Contemporary liberals repeatedly tell us – amid events that should make us impugn the foundations of the United States, like police killings and the absurd panic over Critical Race Theory – that American patriotism is inherently good, only sullied by "bad apples" and the Hard Right, and that the Center, Center-Left, and sometimes even the Center-Right, must "reclaim" this proud patriotism from the clutches of those who harm its noble reputation. In this framing, everyone, from 19th Century abolitionists to Indigenous land protectors to anti-war protesters, no matter their positions on the American project, is hailed as a "patriot," serving to make America the very best it can be.
Meanwhile, some popular PBS documentaries, NPR broadcasts, and many other forms of ostensibly "progressive" media alter the stories of radical figures and movements in the United States to promote this notion of "inclusive patriotism." Instead of highlighting and elucidating the political principles and goals of indigenous peoples, Communists, anarchists, socialists, anti-colonialists, and other activists, dissidents, and combatants throughout the past, mainline U.S. media offer a revisionist history in which these figures are either invisible or proudly American, Constitution-abiding liberals participating in some imaginary, high-minded national project.

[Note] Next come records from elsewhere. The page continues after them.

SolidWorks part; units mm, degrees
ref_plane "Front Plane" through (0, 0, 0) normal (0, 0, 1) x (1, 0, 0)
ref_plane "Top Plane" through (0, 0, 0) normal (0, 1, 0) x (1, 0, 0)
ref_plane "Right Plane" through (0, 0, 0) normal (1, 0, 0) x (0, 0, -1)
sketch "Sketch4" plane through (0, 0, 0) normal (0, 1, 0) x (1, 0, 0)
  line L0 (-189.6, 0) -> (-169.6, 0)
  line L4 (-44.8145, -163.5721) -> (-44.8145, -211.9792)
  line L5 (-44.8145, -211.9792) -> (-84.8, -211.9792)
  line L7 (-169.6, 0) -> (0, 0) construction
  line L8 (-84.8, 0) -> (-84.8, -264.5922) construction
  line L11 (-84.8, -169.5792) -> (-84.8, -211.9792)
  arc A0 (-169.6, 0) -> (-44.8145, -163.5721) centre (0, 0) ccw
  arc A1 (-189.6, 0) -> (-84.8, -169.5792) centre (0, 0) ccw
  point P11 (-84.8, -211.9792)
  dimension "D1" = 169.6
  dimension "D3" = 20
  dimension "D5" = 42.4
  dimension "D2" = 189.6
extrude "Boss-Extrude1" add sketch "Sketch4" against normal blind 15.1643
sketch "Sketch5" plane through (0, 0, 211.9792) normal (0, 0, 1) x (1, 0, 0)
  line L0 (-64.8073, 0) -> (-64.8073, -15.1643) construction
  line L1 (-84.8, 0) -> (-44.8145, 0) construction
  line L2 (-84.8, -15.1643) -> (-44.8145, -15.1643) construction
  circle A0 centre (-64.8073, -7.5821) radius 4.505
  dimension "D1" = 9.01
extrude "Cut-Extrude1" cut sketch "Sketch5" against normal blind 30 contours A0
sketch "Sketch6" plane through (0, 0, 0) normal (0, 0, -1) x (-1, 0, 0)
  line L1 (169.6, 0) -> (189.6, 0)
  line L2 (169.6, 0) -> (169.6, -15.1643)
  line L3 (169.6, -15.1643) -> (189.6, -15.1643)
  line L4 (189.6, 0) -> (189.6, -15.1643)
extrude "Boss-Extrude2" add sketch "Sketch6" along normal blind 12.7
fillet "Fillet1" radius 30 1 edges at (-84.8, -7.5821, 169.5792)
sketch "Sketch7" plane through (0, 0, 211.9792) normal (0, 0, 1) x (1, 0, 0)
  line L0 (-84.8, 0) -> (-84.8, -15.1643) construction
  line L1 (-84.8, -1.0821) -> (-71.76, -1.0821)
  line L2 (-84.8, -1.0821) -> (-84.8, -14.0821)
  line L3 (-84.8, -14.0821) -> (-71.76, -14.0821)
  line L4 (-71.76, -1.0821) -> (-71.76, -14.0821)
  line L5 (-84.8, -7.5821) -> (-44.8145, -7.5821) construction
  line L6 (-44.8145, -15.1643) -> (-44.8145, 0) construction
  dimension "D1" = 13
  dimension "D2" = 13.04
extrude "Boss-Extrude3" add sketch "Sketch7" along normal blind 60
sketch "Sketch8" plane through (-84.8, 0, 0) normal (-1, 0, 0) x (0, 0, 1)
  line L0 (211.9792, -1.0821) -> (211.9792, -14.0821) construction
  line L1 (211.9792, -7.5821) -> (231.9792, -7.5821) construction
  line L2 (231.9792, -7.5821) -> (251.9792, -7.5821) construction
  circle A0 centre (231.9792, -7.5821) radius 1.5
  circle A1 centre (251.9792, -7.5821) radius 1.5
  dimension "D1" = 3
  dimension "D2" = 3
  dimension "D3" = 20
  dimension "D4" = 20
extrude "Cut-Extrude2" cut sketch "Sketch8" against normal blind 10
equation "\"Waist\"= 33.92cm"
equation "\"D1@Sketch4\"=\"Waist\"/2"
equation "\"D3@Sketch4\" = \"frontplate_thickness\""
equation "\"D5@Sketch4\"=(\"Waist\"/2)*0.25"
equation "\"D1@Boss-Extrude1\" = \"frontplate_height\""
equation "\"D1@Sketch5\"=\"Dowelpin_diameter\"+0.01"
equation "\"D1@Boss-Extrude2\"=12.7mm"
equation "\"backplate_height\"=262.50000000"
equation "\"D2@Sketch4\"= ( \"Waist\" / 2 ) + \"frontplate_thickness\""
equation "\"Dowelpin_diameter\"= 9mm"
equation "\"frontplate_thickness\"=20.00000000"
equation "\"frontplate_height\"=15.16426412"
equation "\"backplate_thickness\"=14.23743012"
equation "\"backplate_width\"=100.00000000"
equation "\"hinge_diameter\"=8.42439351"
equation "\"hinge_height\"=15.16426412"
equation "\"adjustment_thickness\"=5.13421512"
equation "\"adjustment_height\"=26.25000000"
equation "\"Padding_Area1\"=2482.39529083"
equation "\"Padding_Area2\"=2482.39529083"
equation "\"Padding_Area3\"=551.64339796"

In this episode, we examine how media routinely defang radical political figures as noble patriots in service of reformism and incrementalism; how they erase the power dynamics between oppressor and oppressed; why there can't really be such a thing as "progressive" or "inclusive" patriotism–– and why that's perfectly okay for adults to accept, and how the fiction of inclusive nationalism exist to narrow the confides to what is political possible today.
Our guest is organizer and writer Charlotte Rosen.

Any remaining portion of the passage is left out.